La maréchaussée n’est pas exempte de critiques. Plusieurs soulignent ses négligences, ses excès et ses malversations, voire ses accommodements avec des délinquants. La justice prévôtale, sévère et expéditive, conserve une mauvaise réputation auprès des justiciables et de la noblesse car elle empiète sur les prérogatives des justices seigneuriales (Hoffmann, t. 2, p. 394). Elle commet des excès et des vexations parmi la population (Hoffmann, t. 2, p. 394-399). En 1789, les membres du clergé du district de Colmar-Sélestat demandent dans leur cahier de doléances que les officiers de la maréchaussée soient jugés devant le Conseil souverain des excès commis par leurs cavaliers, et non plus devant le siège de la maréchaussée « où ils obtenaient toujours l’impunité » (Krug-Basse, p. 131). Si les habitants de Sarre-Union demandent augmentation du nombre de cavaliers, les autres communautés remettent en question l’utilité, voire la probité, de la maréchaussée. Le tiers état du bailliage de Haguenau-Wissembourg souligne le coût de son entretien. Ailleurs, on dénonce la corruption et l’impunité des cavaliers de la maréchaussée. Ainsi, à Sierentz et Hégenheim, les habitants mentionnent « les gratifications en argent ou en denrées » qu’il faut offrir pour échapper à la surveillance et à la sévérité des cavaliers qui « dispensent ces communautés de la régularité et exactitude de la garde, tandis qu’ils sévissent contre les communautés qui ne leur donnent point de présents ».

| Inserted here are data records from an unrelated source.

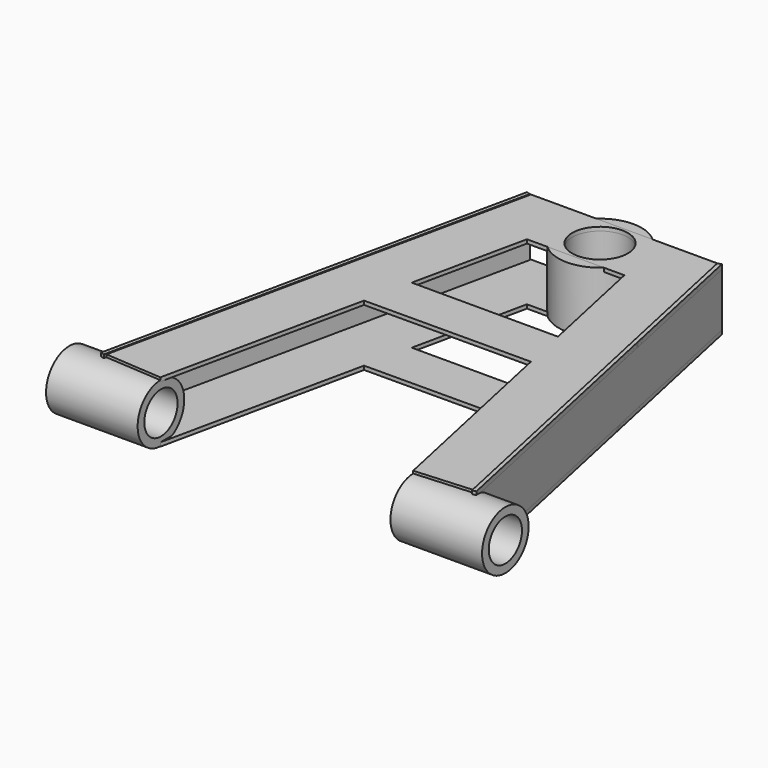
from build123d import *

# Parameters (mm, degrees)
F1_DEPTH  = 3.175
F3_DEPTH  = 3.175
F7_W      = 357.0883721113
F7_H      = 51.4995157719
F8_DEPTH  = 3.175
F10_R     = 24.2355196554
F10_R_2   = 17.2845850153
F19_DEPTH = 76.2
F20_R     = 34.5625940256
F20_R_2   = 23.1276455752
F12_DEPTH = 50.8
F21_DEPTH = 63.5


# Not quite as in the source:
# - a feature of the source that left no trace in its solid (it failed there, or was rolled back) is left out
# - a feature names something its author has since deleted; it is built from what else it names


with BuildPart() as f1:
    # F0 (on face) → F1 (new body)
    with BuildSketch(Plane.XY):
        Polygon((0, 254.7029479625), (-81.0354214167, 254.7029479625), (-155.8285728535, -92.9424813159), (-105.1563591477, -96.5434198266), (-40.5177107084, 203.9029479625), (0, 203.9029479625), align=None)
    extrude(amount=F1_DEPTH)

    # F2: F1 across plane


with BuildPart() as f1_1:
    add(f1.part)
    add(f1.part.mirror(Plane.YZ))

    # F17 (on Top) → F3 (join)
    with BuildSketch(Plane.XY):
        Polygon((64.138263464, 109.4782650471), (-71.3108032942, 109.4782650471), (-85.4815393686, 70.3290700912), (86.3957703114, 71.0801482201), align=None)
    extrude(amount=F3_DEPTH)


with BuildPart() as f5_1:
    # F5: instance of F1
    add(f1_1.part.mirror(Plane.XY.offset(25.4)))


with BuildPart() as f8:
    # F7 (on 3pt) → F8 (new body)
    with BuildSketch(Plane(origin=(-129.823703286, 27.9305380776, 0), x_dir=(0.2103294472, 0.977630566, 0), z_dir=(0.977630566, -0.2103294472, 0))):
        with Locations((53.176112473, 25.7497578859)):
            Rectangle(F7_W, F7_H)
    extrude(amount=F8_DEPTH)


with BuildPart() as f18_1:
    # F18: instance of F8
    add(f8.part.mirror(Plane.YZ))


with BuildPart() as f19:
    # F10 (on plane+point) → F19 (new body)
    with BuildSketch(Plane.YZ.offset(105.1563591477)):
        with Locations((-95.8959981799, 24.5158076286)):
            Circle(F10_R)
        with Locations((-95.8959981799, 24.5158076286)):
            Circle(F10_R_2, mode=Mode.SUBTRACT)
    extrude(amount=F19_DEPTH)


with BuildPart() as f11_1:
    # F11: instance of F19
    add(f19.part.mirror(Plane.YZ))


with BuildPart() as f12:
    # F20 (on Top) → F12 (new body)
    with BuildSketch(Plane.XY):
        with Locations((0, 229.2520552874)):
            Circle(F20_R)
        with Locations((0, 229.2520552874)):
            Circle(F20_R_2, mode=Mode.SUBTRACT)
    extrude(amount=F12_DEPTH)


with BuildPart() as f21_tool:
    # F20 (on Top) → F21 (new body, symmetric)
    with BuildSketch(Plane.XY):
        with Locations((0, 229.2520552874)):
            Circle(F20_R_2)
    extrude(amount=F21_DEPTH, both=True)


with BuildPart() as f1_2:
    add(f1_1.part)

    # F21: cut by f21_tool
    add(f21_tool.part, mode=Mode.SUBTRACT)


with BuildPart() as f5_1_1:
    add(f5_1.part)

    # F21: cut by f21_tool
    add(f21_tool.part, mode=Mode.SUBTRACT)


solid = Compound([f8.part, f18_1.part, f19.part, f11_1.part, f12.part, f1_2.part, f5_1_1.part])

La maréchaussée remplacée par la Gendarmerie nationale

La maréchaussée est abolie par la loi du 16 février 1791 et remplacée par la Gendarmerie nationale qui reprend ses attributions de service d’ordre en milieu rural tandis que la justice prévôtale est supprimée dans le cadre de la refonte des institutions judiciaires.

Bibliographie

KRUG-BASSE (Jules),L’Alsace avant 1789, Paris-Colmar, Sandoz-Barth, 1876.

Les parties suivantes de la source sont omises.